Dry seasonal conditions throughout the entire region during 1998-99 resulted in sharp increases in salinity levels in many district lakes and wetlands. Limited or no runoff into many lakes and wetlands last winter has exacerbated the increases. For example, the normal seasonal fluctuation for Lake Linlithgow is 10 000 EC in winter and spring, rising to 16 000 EC in late autumn. During 1999, the lowest salinity levels recorded were 25 000 EC and peaked at 50 000 EC (seawater) in autumn (GHCMA, 1999). These dry seasonal conditions continued during 1999-00, resulting in many wetlands drying completely and sharp increases in EC levels resulting (to 45 000 EC at Lake Linlithgow prior drying in February 2000). Increased salinity levels were also recorded for Lake Bolac and Lake Burrumbeet during 1999-00. As a result the Glenelg-Hopkins Catchment Management Authority (external link) has funded 95 water quality projects in the region throughout 1999-00 (GHCMA, 2000a).

Nutrient Management:

From 1928 to 2000, algal blooms have been reported at 16 sites in the Glenelg-Hopkins Catchment Management Region at differing frequencies.

Recorded algal blooms at waterbodies and waterways in the Glenelg-Hopkins Catchment Management Region:

Drainage Basin	Location	Algae	Comments
Glenelg	Dunkeld	Anabaena Oscillatoria	CuSO4 dosing CuSO4 dosing
	Merino Basin	Phormidium	monitored
	Rocklands Reservoir	Botryococcus	monitored
Hopkins	Alexander Lake	Anabaena and Microcystis
	Caramut Reservior	Chroococcus	monitored
	Caramut Water Supply	Ulothrix and Euglena	monitored
	Deep Lake	Microcystis	Warning signs
	Green Hill Lake, Ararat	Microcystis	Drinking, recreation facilities banned
	Hopkins River, Boonerah	Unicellular green	monitored
	Lake Burrumbeet	Microcystis and Oscillatoria	Closed to recreation
	Lake Cartcarrong	Anabaena
	Lake Gellie	Oscillatoria	Warning signs
	Lake Gillear	Anabaena	Warning signs
	Lake Terrinallum	Oscillatoria	Warning signs
	Mt Ewen Reservoir	Anabaena	CuSO4
	Tank Hill Reservoir	Struastrum	CuSO4
Portland	Aringa Reservoir	Anabaena	Closed to recreation

Source: GHCMA (2000b)

In March 1995 the State Government of Victoria released the Nutrient Management Strategy for Victorian Inland Waters (DCNR, 1995).
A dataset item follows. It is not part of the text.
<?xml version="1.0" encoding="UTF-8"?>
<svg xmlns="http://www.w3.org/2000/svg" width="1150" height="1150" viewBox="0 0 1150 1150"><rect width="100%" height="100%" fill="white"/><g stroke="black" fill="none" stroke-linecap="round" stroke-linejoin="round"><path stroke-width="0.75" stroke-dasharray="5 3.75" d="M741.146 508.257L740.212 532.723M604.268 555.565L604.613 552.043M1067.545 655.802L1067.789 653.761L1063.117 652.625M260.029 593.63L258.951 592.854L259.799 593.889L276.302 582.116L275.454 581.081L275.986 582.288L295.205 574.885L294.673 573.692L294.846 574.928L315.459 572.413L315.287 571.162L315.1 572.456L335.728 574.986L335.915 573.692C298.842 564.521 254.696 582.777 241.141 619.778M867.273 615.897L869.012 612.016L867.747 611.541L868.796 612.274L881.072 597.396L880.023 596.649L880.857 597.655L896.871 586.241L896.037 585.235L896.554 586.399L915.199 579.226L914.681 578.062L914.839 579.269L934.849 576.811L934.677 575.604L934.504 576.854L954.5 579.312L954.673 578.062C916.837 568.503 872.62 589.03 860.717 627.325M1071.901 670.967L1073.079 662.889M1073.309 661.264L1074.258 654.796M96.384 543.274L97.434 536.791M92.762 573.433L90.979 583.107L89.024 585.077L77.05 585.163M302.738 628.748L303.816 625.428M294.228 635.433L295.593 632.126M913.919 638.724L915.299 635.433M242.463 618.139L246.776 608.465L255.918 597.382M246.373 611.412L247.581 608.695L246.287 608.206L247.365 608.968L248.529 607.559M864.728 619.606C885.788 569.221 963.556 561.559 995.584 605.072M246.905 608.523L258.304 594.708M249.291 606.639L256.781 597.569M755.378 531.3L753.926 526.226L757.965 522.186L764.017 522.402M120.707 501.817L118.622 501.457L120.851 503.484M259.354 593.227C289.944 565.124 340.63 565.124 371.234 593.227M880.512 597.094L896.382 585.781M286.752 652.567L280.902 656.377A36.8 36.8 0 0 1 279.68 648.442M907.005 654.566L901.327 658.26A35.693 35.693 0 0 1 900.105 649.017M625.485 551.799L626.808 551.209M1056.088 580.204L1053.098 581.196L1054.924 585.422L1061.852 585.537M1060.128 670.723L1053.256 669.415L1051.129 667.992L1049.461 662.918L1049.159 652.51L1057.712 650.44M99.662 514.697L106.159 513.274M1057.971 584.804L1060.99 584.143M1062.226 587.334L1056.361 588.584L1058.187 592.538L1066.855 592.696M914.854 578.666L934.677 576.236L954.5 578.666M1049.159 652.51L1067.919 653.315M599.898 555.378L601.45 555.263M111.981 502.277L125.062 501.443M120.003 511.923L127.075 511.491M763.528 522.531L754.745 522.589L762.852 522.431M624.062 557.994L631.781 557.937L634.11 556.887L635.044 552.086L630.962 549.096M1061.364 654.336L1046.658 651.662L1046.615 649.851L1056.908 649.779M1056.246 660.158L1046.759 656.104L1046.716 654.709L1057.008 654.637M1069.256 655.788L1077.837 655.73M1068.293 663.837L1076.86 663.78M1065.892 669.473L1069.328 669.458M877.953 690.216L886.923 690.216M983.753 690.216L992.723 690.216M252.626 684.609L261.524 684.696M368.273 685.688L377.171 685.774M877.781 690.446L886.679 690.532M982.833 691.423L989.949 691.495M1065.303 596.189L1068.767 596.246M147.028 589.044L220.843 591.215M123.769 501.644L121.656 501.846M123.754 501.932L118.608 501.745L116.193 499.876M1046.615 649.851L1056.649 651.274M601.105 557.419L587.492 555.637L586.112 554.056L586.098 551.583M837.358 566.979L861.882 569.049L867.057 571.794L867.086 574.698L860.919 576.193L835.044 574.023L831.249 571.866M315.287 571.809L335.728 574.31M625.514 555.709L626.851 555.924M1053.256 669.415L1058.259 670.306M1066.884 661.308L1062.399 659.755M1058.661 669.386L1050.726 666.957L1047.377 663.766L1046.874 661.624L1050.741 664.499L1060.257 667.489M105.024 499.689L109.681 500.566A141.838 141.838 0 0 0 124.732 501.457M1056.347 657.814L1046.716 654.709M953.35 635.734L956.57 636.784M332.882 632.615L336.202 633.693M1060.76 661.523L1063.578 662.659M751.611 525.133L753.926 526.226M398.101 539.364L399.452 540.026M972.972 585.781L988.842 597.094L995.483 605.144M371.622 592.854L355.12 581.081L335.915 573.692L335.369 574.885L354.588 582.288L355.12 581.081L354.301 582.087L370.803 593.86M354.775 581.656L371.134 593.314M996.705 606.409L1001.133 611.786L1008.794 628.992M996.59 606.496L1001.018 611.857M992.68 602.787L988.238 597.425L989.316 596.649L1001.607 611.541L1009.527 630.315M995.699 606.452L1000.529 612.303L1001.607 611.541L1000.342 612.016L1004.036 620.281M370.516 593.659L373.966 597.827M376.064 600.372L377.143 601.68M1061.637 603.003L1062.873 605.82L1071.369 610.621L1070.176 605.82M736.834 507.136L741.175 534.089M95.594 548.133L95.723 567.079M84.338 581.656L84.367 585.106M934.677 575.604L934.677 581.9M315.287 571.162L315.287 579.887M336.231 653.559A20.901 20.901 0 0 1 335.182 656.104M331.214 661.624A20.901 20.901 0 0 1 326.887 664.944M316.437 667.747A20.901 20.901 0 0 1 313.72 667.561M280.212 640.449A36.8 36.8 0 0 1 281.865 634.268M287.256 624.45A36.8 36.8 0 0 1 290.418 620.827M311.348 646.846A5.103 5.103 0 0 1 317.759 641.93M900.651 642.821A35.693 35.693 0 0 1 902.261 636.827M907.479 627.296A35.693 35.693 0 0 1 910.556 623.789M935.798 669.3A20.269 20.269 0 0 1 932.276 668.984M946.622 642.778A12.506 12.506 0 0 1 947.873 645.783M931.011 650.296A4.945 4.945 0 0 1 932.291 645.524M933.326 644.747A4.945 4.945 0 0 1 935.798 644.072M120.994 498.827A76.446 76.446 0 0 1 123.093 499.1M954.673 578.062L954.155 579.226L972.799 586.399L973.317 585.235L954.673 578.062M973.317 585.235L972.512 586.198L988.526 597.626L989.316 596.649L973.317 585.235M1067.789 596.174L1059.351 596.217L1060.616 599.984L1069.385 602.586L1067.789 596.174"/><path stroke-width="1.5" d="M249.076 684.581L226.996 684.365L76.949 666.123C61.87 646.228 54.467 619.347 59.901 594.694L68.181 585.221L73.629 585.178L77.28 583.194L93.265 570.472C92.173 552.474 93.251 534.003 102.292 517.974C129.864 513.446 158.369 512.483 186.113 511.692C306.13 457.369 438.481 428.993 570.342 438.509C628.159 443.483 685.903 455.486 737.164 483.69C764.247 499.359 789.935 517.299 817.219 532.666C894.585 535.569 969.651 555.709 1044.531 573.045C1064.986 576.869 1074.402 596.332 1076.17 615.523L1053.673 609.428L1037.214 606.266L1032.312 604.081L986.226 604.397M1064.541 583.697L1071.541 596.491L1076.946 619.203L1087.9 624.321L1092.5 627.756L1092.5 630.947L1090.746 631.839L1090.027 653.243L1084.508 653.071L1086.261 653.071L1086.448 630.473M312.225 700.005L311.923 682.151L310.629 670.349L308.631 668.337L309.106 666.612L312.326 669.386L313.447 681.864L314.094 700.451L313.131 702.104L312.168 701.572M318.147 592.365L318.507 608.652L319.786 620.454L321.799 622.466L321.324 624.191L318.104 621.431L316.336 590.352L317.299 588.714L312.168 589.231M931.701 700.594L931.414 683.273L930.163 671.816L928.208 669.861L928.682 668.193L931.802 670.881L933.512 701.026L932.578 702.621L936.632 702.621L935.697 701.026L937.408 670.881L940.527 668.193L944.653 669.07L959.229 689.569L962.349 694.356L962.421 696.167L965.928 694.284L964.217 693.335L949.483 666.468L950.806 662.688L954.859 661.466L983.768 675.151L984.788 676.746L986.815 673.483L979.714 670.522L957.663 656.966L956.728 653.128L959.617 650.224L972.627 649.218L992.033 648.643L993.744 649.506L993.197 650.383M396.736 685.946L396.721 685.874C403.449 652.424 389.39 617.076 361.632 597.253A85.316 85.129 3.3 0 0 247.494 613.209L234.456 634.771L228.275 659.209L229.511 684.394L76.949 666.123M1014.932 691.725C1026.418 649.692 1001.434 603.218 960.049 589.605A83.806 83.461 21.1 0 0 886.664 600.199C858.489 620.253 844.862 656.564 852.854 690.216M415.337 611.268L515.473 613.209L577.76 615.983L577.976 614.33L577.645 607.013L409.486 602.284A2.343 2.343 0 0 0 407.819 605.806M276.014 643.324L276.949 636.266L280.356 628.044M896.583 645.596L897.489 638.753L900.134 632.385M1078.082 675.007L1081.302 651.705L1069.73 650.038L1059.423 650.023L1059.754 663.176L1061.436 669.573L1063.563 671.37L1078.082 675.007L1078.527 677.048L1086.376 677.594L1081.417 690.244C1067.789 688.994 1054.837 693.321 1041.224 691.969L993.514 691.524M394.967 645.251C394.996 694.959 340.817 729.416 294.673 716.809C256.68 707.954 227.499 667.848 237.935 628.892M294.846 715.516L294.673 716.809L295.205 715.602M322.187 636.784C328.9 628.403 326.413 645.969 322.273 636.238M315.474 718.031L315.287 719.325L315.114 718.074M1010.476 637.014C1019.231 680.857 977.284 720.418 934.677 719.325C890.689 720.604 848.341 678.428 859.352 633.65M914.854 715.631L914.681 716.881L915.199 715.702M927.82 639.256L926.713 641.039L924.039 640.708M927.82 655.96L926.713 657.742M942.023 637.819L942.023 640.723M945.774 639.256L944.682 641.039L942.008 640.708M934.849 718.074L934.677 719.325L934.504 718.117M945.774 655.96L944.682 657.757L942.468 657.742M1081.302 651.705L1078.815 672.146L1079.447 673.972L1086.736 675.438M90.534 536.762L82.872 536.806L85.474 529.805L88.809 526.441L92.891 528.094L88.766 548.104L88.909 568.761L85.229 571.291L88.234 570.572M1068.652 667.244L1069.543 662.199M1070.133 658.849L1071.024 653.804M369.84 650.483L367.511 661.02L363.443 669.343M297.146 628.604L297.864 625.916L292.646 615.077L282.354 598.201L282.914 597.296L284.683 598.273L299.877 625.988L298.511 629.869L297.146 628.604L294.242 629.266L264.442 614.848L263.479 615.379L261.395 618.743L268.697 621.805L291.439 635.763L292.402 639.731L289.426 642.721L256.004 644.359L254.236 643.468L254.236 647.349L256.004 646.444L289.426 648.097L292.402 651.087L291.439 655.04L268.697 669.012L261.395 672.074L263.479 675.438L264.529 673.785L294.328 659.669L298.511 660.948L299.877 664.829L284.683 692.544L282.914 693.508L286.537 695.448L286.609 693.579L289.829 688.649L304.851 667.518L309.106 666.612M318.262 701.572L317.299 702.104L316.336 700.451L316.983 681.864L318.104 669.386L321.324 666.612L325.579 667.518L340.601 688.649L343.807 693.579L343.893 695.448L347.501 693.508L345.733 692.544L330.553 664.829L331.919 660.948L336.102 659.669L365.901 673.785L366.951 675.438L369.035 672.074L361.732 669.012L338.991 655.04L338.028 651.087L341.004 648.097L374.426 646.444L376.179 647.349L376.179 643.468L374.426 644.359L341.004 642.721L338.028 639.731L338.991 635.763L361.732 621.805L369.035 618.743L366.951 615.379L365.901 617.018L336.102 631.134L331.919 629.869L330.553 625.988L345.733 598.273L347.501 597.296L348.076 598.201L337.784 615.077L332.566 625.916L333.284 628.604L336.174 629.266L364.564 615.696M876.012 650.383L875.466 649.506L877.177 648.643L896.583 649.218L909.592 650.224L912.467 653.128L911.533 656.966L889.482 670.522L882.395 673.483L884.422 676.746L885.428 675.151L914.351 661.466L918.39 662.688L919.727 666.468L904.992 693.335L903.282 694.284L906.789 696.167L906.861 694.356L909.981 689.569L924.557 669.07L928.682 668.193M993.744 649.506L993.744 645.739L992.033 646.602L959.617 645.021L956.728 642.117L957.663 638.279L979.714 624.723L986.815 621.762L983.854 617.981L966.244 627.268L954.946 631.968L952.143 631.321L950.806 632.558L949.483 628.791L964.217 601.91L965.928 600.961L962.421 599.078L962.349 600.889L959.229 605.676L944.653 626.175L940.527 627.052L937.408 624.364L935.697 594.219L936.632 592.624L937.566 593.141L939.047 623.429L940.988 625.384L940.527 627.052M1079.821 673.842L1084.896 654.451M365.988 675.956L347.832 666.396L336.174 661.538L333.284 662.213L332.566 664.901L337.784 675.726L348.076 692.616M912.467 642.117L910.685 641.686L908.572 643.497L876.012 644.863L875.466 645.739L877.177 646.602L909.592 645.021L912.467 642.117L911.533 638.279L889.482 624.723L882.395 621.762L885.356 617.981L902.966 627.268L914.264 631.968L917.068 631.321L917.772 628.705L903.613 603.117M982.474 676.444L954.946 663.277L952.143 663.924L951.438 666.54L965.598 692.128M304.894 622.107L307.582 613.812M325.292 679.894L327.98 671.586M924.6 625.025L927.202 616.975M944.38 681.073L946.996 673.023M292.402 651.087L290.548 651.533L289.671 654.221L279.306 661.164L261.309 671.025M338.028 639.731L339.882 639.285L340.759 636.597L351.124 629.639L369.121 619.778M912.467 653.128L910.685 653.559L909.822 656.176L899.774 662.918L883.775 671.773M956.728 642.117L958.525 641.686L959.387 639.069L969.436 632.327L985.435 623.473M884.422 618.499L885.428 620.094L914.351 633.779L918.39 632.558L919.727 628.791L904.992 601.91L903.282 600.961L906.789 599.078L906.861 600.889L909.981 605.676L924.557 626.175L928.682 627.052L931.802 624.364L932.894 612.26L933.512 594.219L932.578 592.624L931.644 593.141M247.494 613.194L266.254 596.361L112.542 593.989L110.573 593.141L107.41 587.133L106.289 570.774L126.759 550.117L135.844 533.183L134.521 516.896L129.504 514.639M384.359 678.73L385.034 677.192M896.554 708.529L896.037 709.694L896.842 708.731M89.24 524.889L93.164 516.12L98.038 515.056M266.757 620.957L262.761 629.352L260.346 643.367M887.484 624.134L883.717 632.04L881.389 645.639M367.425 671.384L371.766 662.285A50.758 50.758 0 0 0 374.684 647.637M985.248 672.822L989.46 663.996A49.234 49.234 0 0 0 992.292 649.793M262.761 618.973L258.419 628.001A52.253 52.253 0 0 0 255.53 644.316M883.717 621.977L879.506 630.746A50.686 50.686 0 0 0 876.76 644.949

This Strategy recognised the link between high nutrient levels in water bodies and the increasing occurrence of algal blooms. Blue-green algal (BGA) blooms are potentially toxic and threaten both human use of water and the ecological biodiversity of aquatic life. The strategy suggested a planning process to assess regional problems and encourage local communities to develop and implement nutrient management plans specific to local nutrient problems. The Glenelg-Hopkins Nutrient Management Plan (GHNMP) (external link) aims to provide a strategic framework for nutrient management projects. Nutrient management works have been prioritised to ensure that they provide maximum net economic, environmental and social benefits.

Reports that also set the basis for a regional based Nutrient Management Plan are the National Water Quality Management Strategy (NWQMS) and the State Environmental Protection Policy - Waters of Victoria (SEPP-WoV). The SEPP’s goal is to attain and maintain levels of water quality that are sufficient to protect the beneficial used of the surface waters of the policy area. Water Quality targets relate to marine, estuarine and freshwater areas together with the beneficial use to which the waters are used.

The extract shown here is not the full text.